Postponed services will likely reduce hospital revenue by 25%-40% per month on average and strain cash flow significantly, according to early anecdotal information and smaller hospitals are expected to struggle most acutely due to liquidity challenges compared to larger hospitals and systems with greater access to capital and credit, Moody’s said.
For two Midwest systems, the pandemic will delay their planned union. Michigan-based Beaumont Health and Ohio-based Summa Health announced their intent to form a $6.1 billion system in January.
Under the terms of the agreement, Summa's assets were to be combined with Beaumont's at the time of closing. Both systems are big players in their respective markets.
Beaumont is among Michigan's largest healthcare systems and includes eight hospitals and a total annual net patient revenue of $4.7 billion. It operates eight hospitals and has nearly 5,000 affiliated physicians, 38,000 employees and 3,500 volunteers. It carries single A level ratings on its $1.5 billion of debt.

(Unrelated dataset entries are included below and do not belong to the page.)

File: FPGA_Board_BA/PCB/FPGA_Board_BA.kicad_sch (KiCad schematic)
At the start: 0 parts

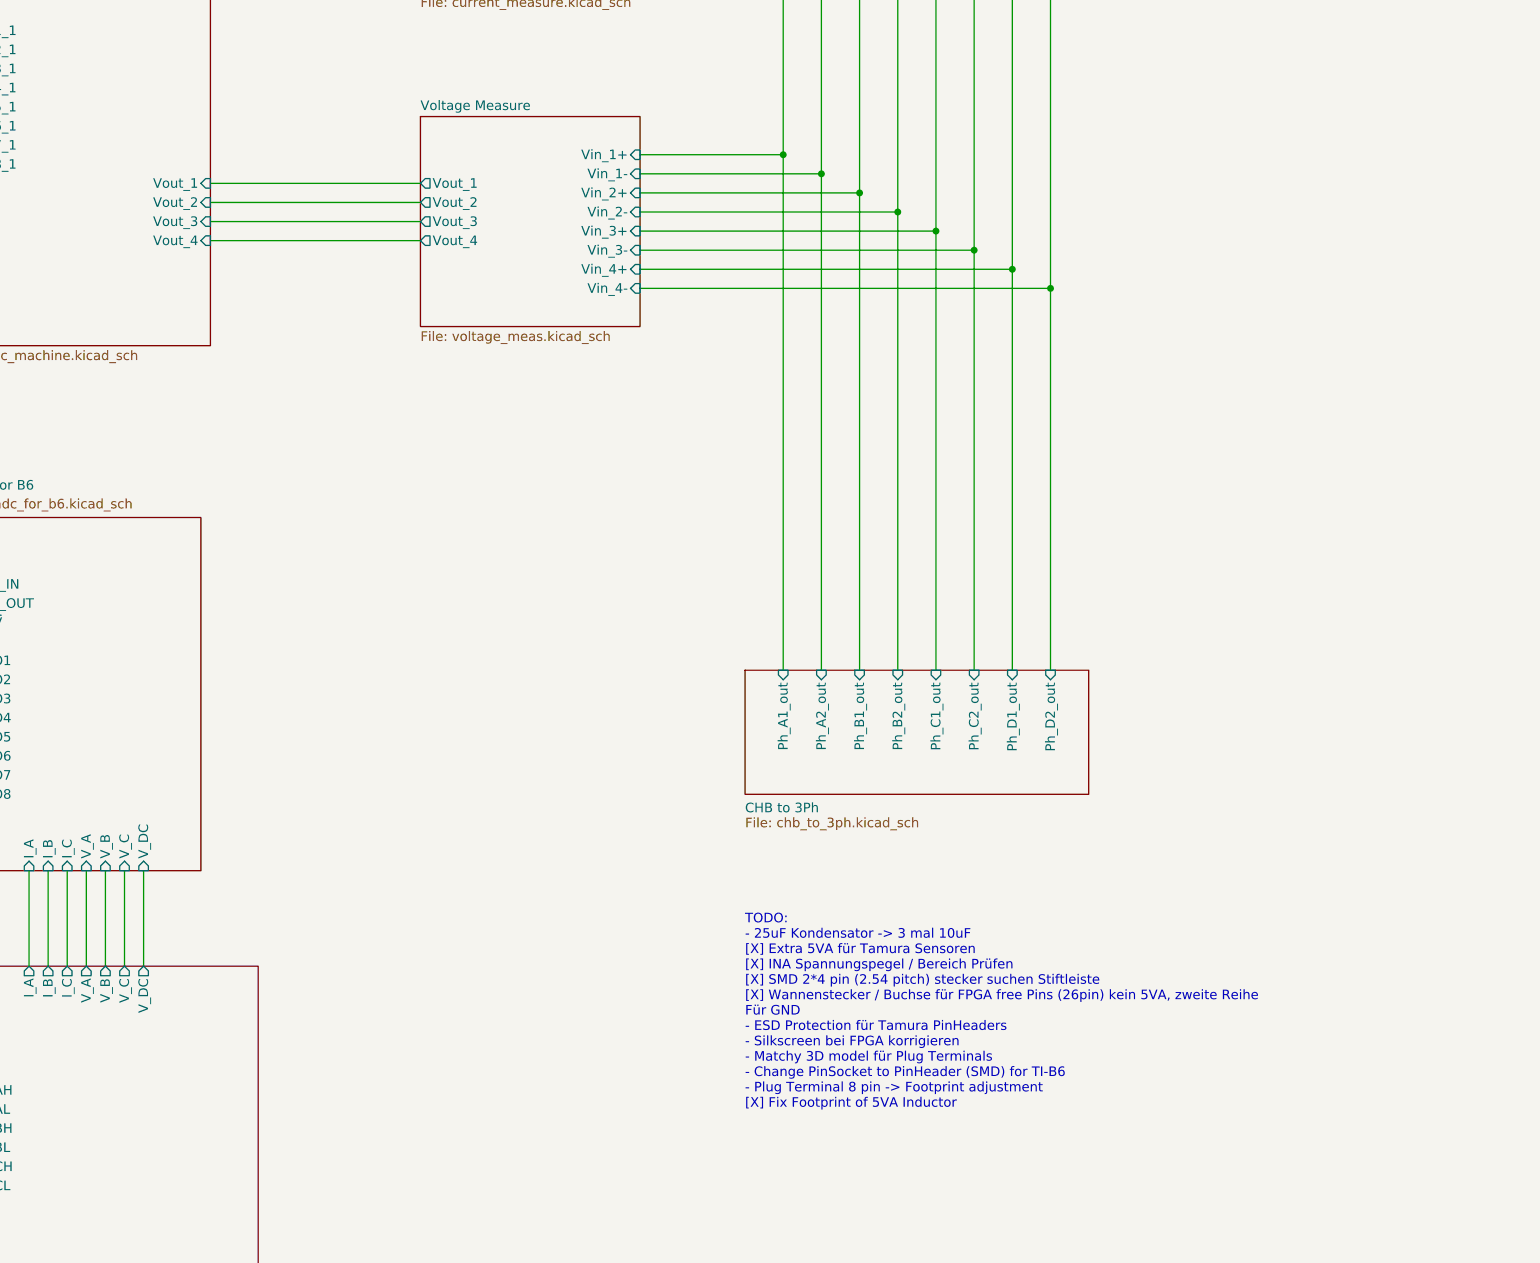
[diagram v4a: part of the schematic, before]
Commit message: component placement with new concept is ready
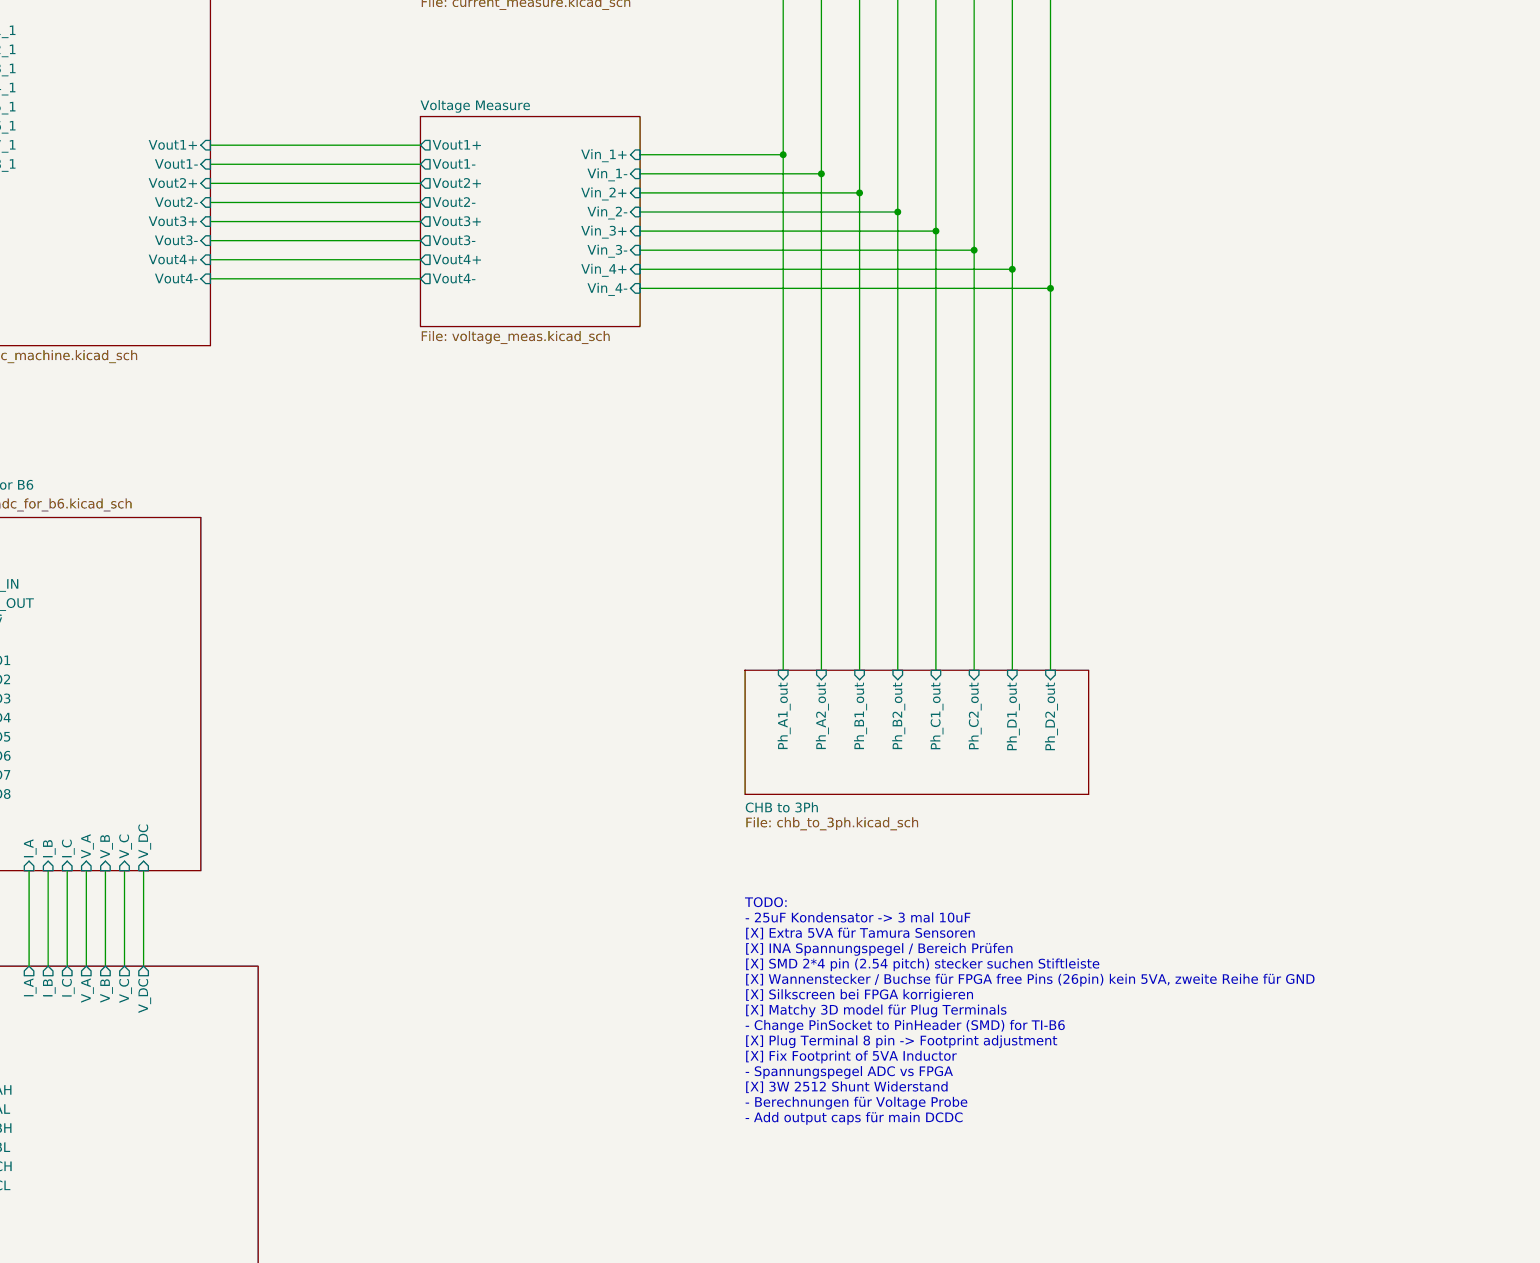
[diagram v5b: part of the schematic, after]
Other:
- sheet ADC for Machine ports: added Vout1+, Vout1-, Vout2+, Vout2-, Vout3+, Vout3-, Vout4+, Vout4-; removed Vout_1, Vout_2, Vout_3, Vout_4
- sheet Voltage Measure ports: added Vout1+, Vout1-, Vout2+, Vout2-, Vout3+, Vout3-, Vout4+, Vout4-; removed Vout_1, Vout_2, Vout_3, Vout_4
- note added: "TODO: - 25uF Kondensator -> 3 mal 10uF [X] Extra 5VA für Tamura Sensoren [X] INA Spannungspegel / Bereich Prüfen [X] SMD 2*4 pin (2.54 pitch) stecker suchen Stiftleiste [X] Wannenstecker / Buchse für FPGA free Pins (26pin) kein 5VA, zweite Reihe für GND [X] Silkscreen bei FPGA korrigieren [X] Matchy 3D model für Plug Terminals - Change PinSocket to PinHeader (SMD) for TI-B6 [X] Plug Terminal 8 pi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"
- note removed: "TODO: - 25uF Kondensator -> 3 mal 10uF [X] Extra 5VA für Tamura Sensoren [X] INA Spannungspegel / Bereich Prüfen [X] SMD 2*4 pin (2.54 pitch) stecker suchen Stiftleiste [X] Wannenstecker / Buchse für FPGA free Pins (26pin) kein 5VA, zweite Reihe Für GND - ESD Protection für Tamura PinHeaders - Silkscreen bei FPGA korrigieren - Matchy 3D model für Plug Terminals - Change PinSocket to PinHeader (SM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"
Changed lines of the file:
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@@
 	(generator_version "9.0")
 	(paper "A3")
-	(text "TODO:\n- 25uF Kondensator -> 3 mal 10uF \n[X] Extra 5VA für Tamura Sensoren\n[X] INA Spannungspegel / Bereich Prüfen\n[X] SMD 2*4 pin (2.54 pitch) stecker suchen Stiftleiste\n[X] Wannenstecker / Buchse für FPGA free Pins (26pin) kein 5VA, zweite Reihe\nFür GND\n- ESD Protection für Tamura PinHeaders\n- Silkscreen bei FPGA korrigieren\n- Matchy 3D model für Plug Terminals\n- Change PinSocket to PinHeader (SMD) for TI-B6\n- Plug Terminal 8 pin -> Footprint adjustment\n[X] Fix Footprint of 5VA Inductor"
+	(text "TODO:\n- 25uF Kondensator -> 3 mal 10uF \n[X] Extra 5VA für Tamura Sensoren\n[X] INA Spannungspegel / Bereich Prüfen\n[X] SMD 2*4 pin (2.54 pitch) stecker suchen Stiftleiste\n[X] Wannenstecker / Buchse für FPGA free Pins (26pin) kein 5VA, zweite Reihe für GND\n[X] Silkscreen bei FPGA korrigieren\n[X] Matchy 3D model für Plug Terminals\n- Change PinSocket to PinHeader (SMD) for TI-B6\n[X] Plug Terminal 8 pin -> Footprint adjustment\n[X] Fix Footprint of 5VA Inductor\n- Spannungspegel ADC vs FPGA\n[X] 3W 2512 Shunt Widerstand\n- Berechnungen für Voltage Probe\n- Add output caps für main DCDC"
 		(exclude_from_sim no)
 		(at 327.66 232.156 0)
@@
 	(wire
 		(pts
+			(xy 256.54 124.46) (xy 284.48 124.46)
+		)
+		(stroke
+			(width 0)
+			(type default)
+		)
+	)
+	(wire
+		(pts
 			(xy 116.84 246.38) (xy 156.21 246.38)
 		)
@@
 	(wire
 		(pts
-			(xy 256.54 127) (xy 284.48 127)
-		)
-		(stroke
-			(width 0)
-			(type default)
-		)
-	)
-	(wire
-		(pts
 			(xy 313.69 128.27) (xy 353.06 128.27)
 		)
@@
 	(wire
 		(pts
-			(xy 256.54 129.54) (xy 284.48 129.54)
-		)
-		(stroke
-			(width 0)
-			(type default)
-		)
-	)
-	(wire
-		(pts
 			(xy 242.57 213.36) (xy 242.57 226.06)
 		)
@@
 	(wire
 		(pts
+			(xy 256.54 121.92) (xy 284.48 121.92)
+		)
+		(stroke
+			(width 0)
+			(type default)
+		)
+	)
+	(wire
+		(pts
 			(xy 337.82 120.65) (xy 337.82 186.69)
 		)
@@
 	(wire
 		(pts
+			(xy 256.54 127) (xy 284.48 127)
+		)
+		(stroke
+			(width 0)
+			(type default)
+		)
+	)
+	(wire
+		(pts
 			(xy 353.06 85.09) (xy 353.06 128.27)
 		)
@@
 	(wire
 		(pts
+			(xy 256.54 129.54) (xy 284.48 129.54)
+		)
+		(stroke
+			(width 0)
+			(type default)
+		)
+	)
+	(wire
+		(pts
 			(xy 313.69 118.11) (xy 332.74 118.11)
 		)
@@
 	(wire
 		(pts
-			(xy 256.54 124.46) (xy 284.48 124.46)
-		)
-		(stroke
-			(width 0)
-			(type default)
-		)
-	)
-	(wire
-		(pts
 			(xy 198.12 252.73) (xy 220.98 252.73)
 		)
@@
 	(wire
 		(pts
+			(xy 256.54 132.08) (xy 284.48 132.08)
+		)
+		(stroke
+			(width 0)
+			(type default)
+		)
+	)
+	(wire
+		(pts
 			(xy 116.84 186.69) (xy 156.21 186.69)
 		)
@@
 	(wire
 		(pts
+			(xy 256.54 119.38) (xy 284.48 119.38)
+		)
+		(stroke
+			(width 0)
+			(type default)
+		)
+	)
+	(wire
+		(pts
 			(xy 116.84 217.17) (xy 156.21 217.17)
 		)
@@
 	(wire
 		(pts
+			(xy 256.54 134.62) (xy 284.48 134.62)
+		)
+		(stroke
+			(width 0)
+			(type default)
+		)
+	)
+	(wire
+		(pts
 			(xy 116.84 166.37) (xy 156.21 166.37)
 		)
@@
 	(wire
 		(pts
-			(xy 116.84 123.19) (xy 156.21 123.19)
+			(xy 256.54 116.84) (xy 284.48 116.84)
 		)
 		(stroke
@@
 	(wire
 		(pts
-			(xy 342.9 123.19) (xy 342.9 186.69)
+			(xy 116.84 123.19) (xy 156.21 123.19)
 		)
 		(stroke
@@
 	(wire
 		(pts
-			(xy 116.84 151.13) (xy 156.21 151.13)
+			(xy 342.9 123.19) (xy 342.9 186.69)
 		)
 		(stroke
@@
 	(wire
 		(pts
-			(xy 116.84 130.81) (xy 156.21 130.81)
+			(xy 116.84 151.13) (xy 156.21 151.13)
 		)
 		(stroke
@@
 	(wire
 		(pts
-			(xy 116.84 266.7) (xy 156.21 266.7)
+			(xy 116.84 130.81) (xy 156.21 130.81)
 		)
 		(stroke
@@
 	(wire
 		(pts
-			(xy 116.84 133.35) (xy 156.21 133.35)
+			(xy 116.84 266.7) (xy 156.21 266.7)
 		)
 		(stroke
@@
 	(wire
 		(pts
-			(xy 116.84 248.92) (xy 156.21 248.92)
+			(xy 116.84 133.35) (xy 156.21 133.35)
 		)
 		(stroke
@@
 	(wire
 		(pts
-			(xy 256.54 121.92) (xy 284.48 121.92)
+			(xy 116.84 248.92) (xy 156.21 248.92)
 		)
 		(stroke
@@
 			)
 		)
-		(pin "Vout_1" input
-			(at 256.54 121.92 0)
+		(pin "CLK_OUT_1" output
+			(at 222.25 92.71 180)
+			(effects
+				(font
+					(size 1.27 1.27)
+				)
+				(justify left)
+			)
+		)
+		(pin "~{CNV}_1" input
+			(at 222.25 95.25 180)
+			(effects
+				(font
+					(size 1.27 1.27)
+				)
+				(justify left)
+			)
+		)
+		(pin "Iin_1" input
+			(at 256.54 78.74 0)
 			(effects
 				(font
@@
 			)
 		)
-		(pin "Vout_2" input
-			(at 256.54 124.46 0)
+		(pin "Iin_2" input
+			(at 256.54 81.28 0)
 			(effects
 				(font
@@
 			)
 		)
-		(pin "Vout_3" input
-			(at 256.54 127 0)
+		(pin "Iin_3" input
+			(at 256.54 83.82 0)
 			(effects
 				(font
@@
 			)
 		)
-		(pin "Vout_4" input
-			(at 256.54 129.54 0)
+		(pin "Iin_4" input
+			(at 256.54 86.36 0)
 			(effects
 				(font
@@
 			)
 		)
-		(pin "CLK_OUT_1" output
-			(at 222.25 92.71 180)
+		(pin "Vout1+" input
+			(at 256.54 116.84 0)
 			(effects
 				(font
 					(size 1.27 1.27)
 				)
-				(justify left)
+				(justify right)
 			)
 		)
-		(pin "~{CNV}_1" input
-			(at 222.25 95.25 180)
+		(pin "Vout1-" input
+			(at 256.54 119.38 0)
 			(effects
 				(font
 					(size 1.27 1.27)
 				)
-				(justify left)
+				(justify right)
 			)
 		)
-		(pin "Iin_1" input
-			(at 256.54 78.74 0)
+		(pin "Vout2+" input
+			(at 256.54 121.92 0)
 			(effects
 				(font
@@
 			)
 		)
-		(pin "Iin_2" input
-			(at 256.54 81.28 0)
+		(pin "Vout2-" input
+			(at 256.54 124.46 0)
 			(effects
 				(font
@@
 			)
 		)
-		(pin "Iin_3" input
-			(at 256.54 83.82 0)
+		(pin "Vout3+" input
+			(at 256.54 127 0)
 			(effects
 				(font
@@
 			)
 		)
-		(pin "Iin_4" input
-			(at 256.54 86.36 0)
+		(pin "Vout3-" input
+			(at 256.54 129.54 0)
+			(effects
+				(font
+					(size 1.27 1.27)
+				)
+				(justify right)
+			)
+		)
+		(pin "Vout4+" input
+			(at 256.54 132.08 0)
+			(effects
+				(font
+					(size 1.27 1.27)
+				)
+				(justify right)
+			)
+		)
+		(pin "Vout4-" input
+			(at 256.54 134.62 0)
 			(effects
 				(font
@@
 			)
 		)
-		(pin "Vout_1" output
+		(pin "Vout1+" output
+			(at 284.48 116.84 180)
+			(effects
+				(font
+					(size 1.27 1.27)
+				)
+				(justify left)
+			)
+		)
+		(pin "Vout1-" output
+			(at 284.48 119.38 180)
+			(effects
+				(font
+					(size 1.27 1.27)
+				)
+				(justify left)
+			)
+		)
+		(pin "Vout2+" output
 			(at 284.48 121.92 180)
 			(effects
@@
 			)
 		)
-		(pin "Vout_2" output
+		(pin "Vout2-" output
 			(at 284.48 124.46 180)
 			(effects
@@
 			)
 		)
-		(pin "Vout_3" output
+		(pin "Vout3+" output
 			(at 284.48 127 180)
 			(effects
@@
 			)
 		)
-		(pin "Vout_4" output
+		(pin "Vout3-" output
 			(at 284.48 129.54 180)
 			(effects
 				(font
+					(size 1.27 1.27)
+				)
+				(justify left)
+			)
+		)
+		(pin "Vout4+" output
+			(at 284.48 132.08 180)
+			(effects
+				(font
+					(size 1.27 1.27)
+				)
+				(justify left)
+			)
+		)
+		(pin "Vout4-" output
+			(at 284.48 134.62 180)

Summa Health, which has total annual revenues of $1.4 billion and employs about 7,000 people, includes a network of four hospitals, community health centers, a health plan, a physician-hospital organization, and a multi-specialty physician organization. Summa’s $350 million of debt carries a rating in the triple-B category.
Beaumont announced it was deferring the acquisition Tuesday along with plans to temporarily lay off 2,475 employees and permanently cut more than 400 positions due to COVID-19 driven strains.
Beaumont president and chief executive officer John Fox couldn’t say how long the delay would last. The two systems decided it was an “unnecessary distraction” given their primary focus on the crisis.
“It’s kind of like you had a plan to do something but the house is on fire so we are going to deal with the fire,” Fox said during a virtual news conference.